Amazon’s initial investment in the Accelerator will support 3,000 farmers and restore approximately 20,000 hectares—a land mass approximately the size of the City of Seattle—within three years, removing up to 10 million metric tons of carbon dioxide from the atmosphere through 2050.
The Nature Conservancy will work together with the World Agroforestry Centre and several local civil society organizations to implement the Accelerator by helping small farmers restore degraded cattle pastures to native forest and agroforestry. The agroforestry systems will provide farmers with a sustainable source of income through the sale of cocoa and other crops. The Accelerator will also experiment with innovative ways to support farmers and nurture markets for sustainable forest-based commodities, including with digital technologies, and will advance new methodologies and satellite-based technologies for quantifying and monitoring carbon removal.

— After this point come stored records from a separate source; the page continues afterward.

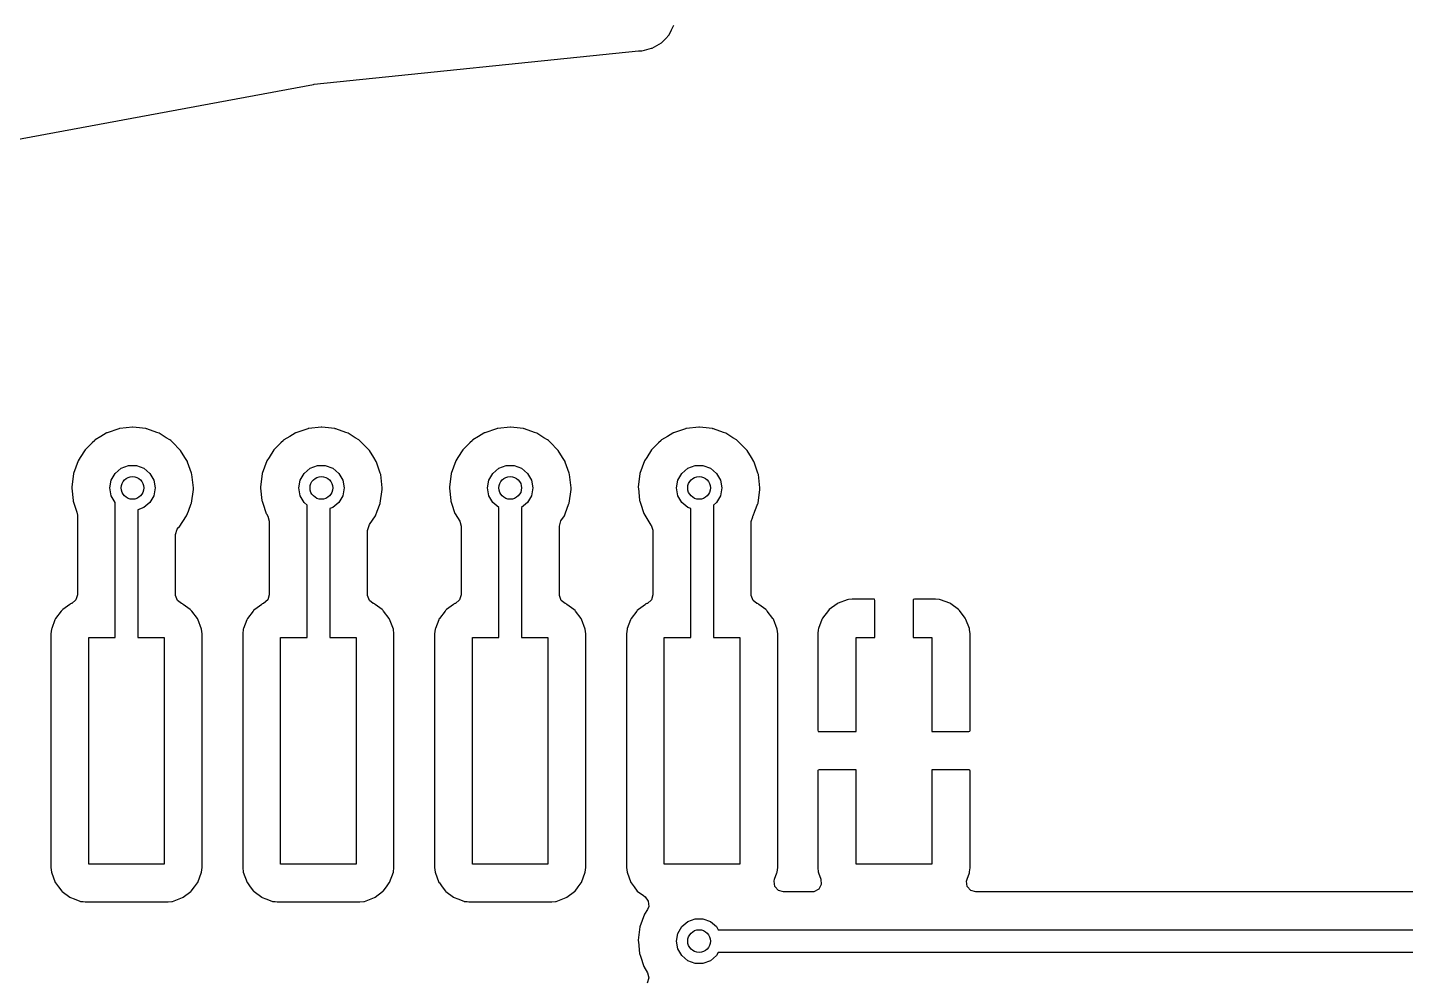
# Model space of a CAD drawing. Extents: x -3.92 to 3.92, y 0.02 to 7.83.
# Drawn here: x -2.181 to -1.463, y 5.374 to 5.87 of the extents above; entities that cross this region are included whole.
import ezdxf

# ---------------------------------------------------------------- set-up
doc = ezdxf.new("R2010")
doc.units = 0
doc.header["$MEASUREMENT"] = 0
doc.layers.add('BLACK', color=7, linetype='CONTINUOUS')

msp = doc.modelspace()

# ---------------------------------------------------------------- linework, layer by layer
at = {"layer": 'BLACK', "linetype": 'CONTINUOUS'}
for p, q in [((-1.84635, 5.86613), (-1.84506, 5.86866)), ((-1.84506, 5.86866), (-1.84379, 5.87115)), ((-1.8551, 5.85917), (-1.85269, 5.86058)), ((-1.85269, 5.86058), (-1.85023, 5.86202)), ((-1.85023, 5.86202), (-1.84827, 5.86409)), ((-1.85023, 5.86202), (-1.85023, 5.86202)), ((-1.85023, 5.86202), (-1.85023, 5.86202)), ((-1.84827, 5.86409), (-1.84635, 5.86612)), ((-1.84635, 5.86612), (-1.84635, 5.86613)), ((-1.84635, 5.86612), (-1.84635, 5.86612)), ((-2.0313, 5.84034), (-1.86236, 5.85782)), ((-1.86236, 5.85782), (-1.86165, 5.85784)), ((-1.86165, 5.85784), (-1.86093, 5.85781)), ((-1.86093, 5.85781), (-1.86093, 5.85781)), ((-1.86093, 5.85781), (-1.86058, 5.8578)), ((-1.86058, 5.8578), (-1.85919, 5.85814)), ((-1.85919, 5.85814), (-1.85919, 5.85814)), ((-1.85919, 5.85814), (-1.85918, 5.85814)), ((-1.85918, 5.85814), (-1.85789, 5.85847)), ((-1.85789, 5.85847), (-1.85544, 5.85908)), ((-1.85789, 5.85847), (-1.85788, 5.85847)), ((-1.85788, 5.85847), (-1.85789, 5.85847)), ((-1.85544, 5.85908), (-1.8551, 5.85917)), ((-1.85544, 5.85908), (-1.85544, 5.85908)), ((-1.8551, 5.85917), (-1.8551, 5.85917)), ((-1.8551, 5.85917), (-1.8551, 5.85917)), ((-2.19288, 5.81031), (-2.03169, 5.84029)), ((-2.03169, 5.84029), (-2.0313, 5.84034)), ((-2.13306, 5.66081), (-2.13923, 5.65871)), ((-2.13279, 5.6609), (-2.13306, 5.66081)), ((-2.13252, 5.66093), (-2.13279, 5.6609)), ((-2.12604, 5.66161), (-2.13252, 5.66093)), ((-2.13252, 5.66093), (-2.13252, 5.66093)), ((-2.12576, 5.66164), (-2.12604, 5.66161)), ((-2.12604, 5.66161), (-2.12604, 5.66161)), ((-2.12405, 5.66143), (-2.12576, 5.66164)), ((-2.11902, 5.66083), (-2.12405, 5.66143)), ((-2.11874, 5.6608), (-2.11902, 5.66083)), ((-2.11902, 5.66083), (-2.11902, 5.66083)), ((-2.11848, 5.66071), (-2.11874, 5.6608)), ((-2.11325, 5.65884), (-2.11848, 5.66071)), ((-2.11848, 5.66071), (-2.11848, 5.66071)), ((-2.03463, 5.66081), (-2.0408, 5.65871)), ((-2.03437, 5.6609), (-2.03463, 5.66081)), ((-2.03409, 5.66093), (-2.03437, 5.6609)), ((-2.02761, 5.66161), (-2.03409, 5.66093)), ((-2.03409, 5.66093), (-2.03409, 5.66093)), ((-2.02734, 5.66164), (-2.02761, 5.66161)), ((-2.02761, 5.66161), (-2.02761, 5.66161)), ((-2.02562, 5.66143), (-2.02734, 5.66164)), ((-2.02059, 5.66083), (-2.02562, 5.66143)), ((-2.02032, 5.6608), (-2.02059, 5.66083)), ((-2.02059, 5.66083), (-2.02059, 5.66083)), ((-2.02006, 5.66071), (-2.02032, 5.6608)), ((-2.01483, 5.65884), (-2.02006, 5.66071)), ((-2.02006, 5.66071), (-2.02006, 5.66071)), ((-1.93621, 5.66081), (-1.94237, 5.65871)), ((-1.93594, 5.6609), (-1.93621, 5.66081)), ((-1.93567, 5.66093), (-1.93594, 5.6609)), ((-1.92919, 5.66161), (-1.93567, 5.66093)), ((-1.93567, 5.66093), (-1.93567, 5.66093)), ((-1.92891, 5.66164), (-1.92919, 5.66161)), ((-1.92919, 5.66161), (-1.92919, 5.66161)), ((-1.9272, 5.66143), (-1.92891, 5.66164)), ((-1.92217, 5.66083), (-1.9272, 5.66143)), ((-1.92189, 5.6608), (-1.92217, 5.66083)), ((-1.92217, 5.66083), (-1.92217, 5.66083)), ((-1.92163, 5.66071), (-1.92189, 5.6608)), ((-1.9164, 5.65884), (-1.92163, 5.66071)), ((-1.92163, 5.66071), (-1.92163, 5.66071)), ((-1.83778, 5.66081), (-1.84395, 5.65871)), ((-1.83752, 5.6609), (-1.83778, 5.66081)), ((-1.83724, 5.66093), (-1.83752, 5.6609)), ((-1.83076, 5.66161), (-1.83724, 5.66093)), ((-1.83724, 5.66093), (-1.83724, 5.66093)), ((-1.83049, 5.66164), (-1.83076, 5.66161)), ((-1.83076, 5.66161), (-1.83076, 5.66161)), ((-1.82877, 5.66143), (-1.83049, 5.66164)), ((-1.82374, 5.66083), (-1.82877, 5.66143)), ((-1.82347, 5.6608), (-1.82374, 5.66083)), ((-1.82374, 5.66083), (-1.82374, 5.66083)), ((-1.82321, 5.66071), (-1.82347, 5.6608)), ((-1.81798, 5.65884), (-1.82321, 5.66071)), ((-1.82321, 5.66071), (-1.82321, 5.66071)), ((-2.14707, 5.65339), (-2.15056, 5.64997)), ((-2.14571, 5.65472), (-2.14707, 5.65339)), ((-2.14551, 5.65491), (-2.14571, 5.65472)), ((-2.14571, 5.65472), (-2.14571, 5.65472)), ((-2.1425, 5.65677), (-2.14551, 5.65491)), ((-2.13972, 5.65847), (-2.1425, 5.65677)), ((-2.13949, 5.65862), (-2.13972, 5.65847)), ((-2.13972, 5.65847), (-2.13972, 5.65847)), ((-2.13923, 5.65871), (-2.13949, 5.65862)), ((-2.13923, 5.65871), (-2.13923, 5.65871)), ((-2.11208, 5.65843), (-2.11325, 5.65884)), ((-2.10839, 5.65608), (-2.11208, 5.65843)), ((-2.10654, 5.65491), (-2.10839, 5.65608)), ((-2.10611, 5.65464), (-2.10654, 5.65491)), ((-2.10592, 5.65444), (-2.10611, 5.65464)), ((-2.10518, 5.6537), (-2.10592, 5.65444)), ((-2.10592, 5.65444), (-2.10592, 5.65444)), ((-2.10113, 5.64962), (-2.10518, 5.6537)), ((-2.04864, 5.65339), (-2.05214, 5.64997)), ((-2.04728, 5.65472), (-2.04864, 5.65339)), ((-2.04708, 5.65491), (-2.04728, 5.65472)), ((-2.04728, 5.65472), (-2.04728, 5.65472)), ((-2.04407, 5.65677), (-2.04708, 5.65491)), ((-2.0413, 5.65847), (-2.04407, 5.65677)), ((-2.04106, 5.65862), (-2.0413, 5.65847)), ((-2.0413, 5.65847), (-2.0413, 5.65847)), ((-2.0408, 5.65871), (-2.04106, 5.65862)), ((-2.0408, 5.65871), (-2.0408, 5.65871)), ((-2.01366, 5.65843), (-2.01483, 5.65884)), ((-2.00997, 5.65608), (-2.01366, 5.65843)), ((-2.00812, 5.65491), (-2.00997, 5.65608)), ((-2.00769, 5.65464), (-2.00812, 5.65491)), ((-2.00749, 5.65444), (-2.00769, 5.65464)), ((-2.00675, 5.6537), (-2.00749, 5.65444)), ((-2.00749, 5.65444), (-2.00749, 5.65444)), ((-2.0027, 5.64962), (-2.00675, 5.6537)), ((-1.95022, 5.65339), (-1.95371, 5.64997)), ((-1.94886, 5.65472), (-1.95022, 5.65339)), ((-1.94866, 5.65491), (-1.94886, 5.65472)), ((-1.94886, 5.65472), (-1.94886, 5.65472)), ((-1.94565, 5.65677), (-1.94866, 5.65491)), ((-1.94287, 5.65847), (-1.94565, 5.65677)), ((-1.94264, 5.65862), (-1.94287, 5.65847)), ((-1.94287, 5.65847), (-1.94287, 5.65847)), ((-1.94238, 5.65871), (-1.94264, 5.65862)), ((-1.94237, 5.65871), (-1.94238, 5.65871)), ((-1.91523, 5.65843), (-1.9164, 5.65884)), ((-1.91154, 5.65608), (-1.91523, 5.65843)), ((-1.90969, 5.65491), (-1.91154, 5.65608)), ((-1.90926, 5.65464), (-1.90969, 5.65491)), ((-1.90907, 5.65444), (-1.90926, 5.65464)), ((-1.90833, 5.6537), (-1.90907, 5.65444)), ((-1.90907, 5.65444), (-1.90907, 5.65444)), ((-1.90428, 5.64962), (-1.90833, 5.6537)), ((-1.85179, 5.65339), (-1.85529, 5.64997)), ((-1.85043, 5.65472), (-1.85179, 5.65339)), ((-1.85023, 5.65491), (-1.85043, 5.65472)), ((-1.85043, 5.65472), (-1.85043, 5.65472)), ((-1.84722, 5.65677), (-1.85023, 5.65491)), ((-1.84445, 5.65847), (-1.84722, 5.65677)), ((-1.84421, 5.65862), (-1.84445, 5.65847)), ((-1.84445, 5.65847), (-1.84445, 5.65847)), ((-1.84395, 5.65871), (-1.84421, 5.65862)), ((-1.84395, 5.65871), (-1.84395, 5.65871)), ((-1.81681, 5.65843), (-1.81798, 5.65884)), ((-1.81312, 5.65608), (-1.81681, 5.65843)), ((-1.81127, 5.65491), (-1.81312, 5.65608)), ((-1.81084, 5.65464), (-1.81127, 5.65491)), ((-1.81064, 5.65444), (-1.81084, 5.65464)), ((-1.8099, 5.6537), (-1.81064, 5.65444)), ((-1.81064, 5.65444), (-1.81064, 5.65444)), ((-1.80585, 5.64962), (-1.8099, 5.6537)), ((-2.15328, 5.64575), (-2.15439, 5.64402)), ((-2.15071, 5.64973), (-2.15328, 5.64575)), ((-2.15056, 5.64997), (-2.15071, 5.64973)), ((-2.15071, 5.64973), (-2.15071, 5.64973)), ((-2.10098, 5.64939), (-2.10113, 5.64962)), ((-2.09871, 5.64575), (-2.10098, 5.64939)), ((-2.09738, 5.64362), (-2.09871, 5.64575)), ((-2.05485, 5.64575), (-2.05597, 5.64402)), ((-2.05229, 5.64973), (-2.05485, 5.64575)), ((-2.05214, 5.64997), (-2.05229, 5.64973)), ((-2.05229, 5.64973), (-2.05229, 5.64973)), ((-2.00256, 5.64939), (-2.0027, 5.64962)), ((-2.00029, 5.64575), (-2.00256, 5.64939)), ((-1.99896, 5.64362), (-2.00029, 5.64575)), ((-1.95643, 5.64575), (-1.95754, 5.64402)), ((-1.95386, 5.64973), (-1.95643, 5.64575)), ((-1.95371, 5.64997), (-1.95386, 5.64973)), ((-1.95386, 5.64973), (-1.95386, 5.64973)), ((-1.90413, 5.64939), (-1.90428, 5.64962)), ((-1.90186, 5.64575), (-1.90413, 5.64939)), ((-1.90053, 5.64362), (-1.90186, 5.64575)), ((-1.858, 5.64575), (-1.85912, 5.64402)), ((-1.85544, 5.64973), (-1.858, 5.64575)), ((-1.85529, 5.64997), (-1.85544, 5.64973)), ((-1.85544, 5.64973), (-1.85544, 5.64973)), ((-1.80571, 5.64939), (-1.80585, 5.64962)), ((-1.80343, 5.64575), (-1.80571, 5.64939)), ((-1.80211, 5.64362), (-1.80343, 5.64575)), ((-2.15439, 5.64402), (-2.15681, 5.63738)), ((-2.13503, 5.63751), (-2.13189, 5.64015)), ((-2.13189, 5.64015), (-2.12804, 5.64155)), ((-2.12804, 5.64155), (-2.12393, 5.64155)), ((-2.12393, 5.64155), (-2.12008, 5.64015)), ((-2.12008, 5.64015), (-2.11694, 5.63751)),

“Pará is home to 9% percent of the world’s tropical forest, but it’s facing unprecedented rates of deforestation, losing 3,300 acres every day in the last year,” said Jennifer Morris, CEO, The Nature Conservancy. “Over the last 13 years, small farms in Pará—an area where slash-and-burn agriculture can seem like the only option—were responsible for an average of 40% of the state’s deforestation. For 20 years, The Nature Conservancy has worked with small farmers, community leaders, government officials, and Indigenous peoples to identify and implement win-win solutions, like agroforestry, that help people and nature thrive. This new partnership with Amazon will allow us to provide the resources and technical assistance needed to advance this program and demonstrate that regenerative agroforestry and carbon markets are viable business models for communities in the Amazon.”
“We must join forces to achieve what may be the goal of the century: to develop our economies and safeguard people‘s income, while preserving and restoring the forest,” said Helder Barbalho, Governor of Pará. ”The state of Pará is ready to tackle this challenge, and our strategy is clearly laid out in our Amazonia Agora plan, which commits us to being carbon free by 2036, through the reduction of deforestation and by promoting forest restoration. Investments, such as Amazon’s, in sustainable agroforestry and reforestation in Pará are very welcome. This initiative will significantly benefit the state's community, natural resources, and biodiversity."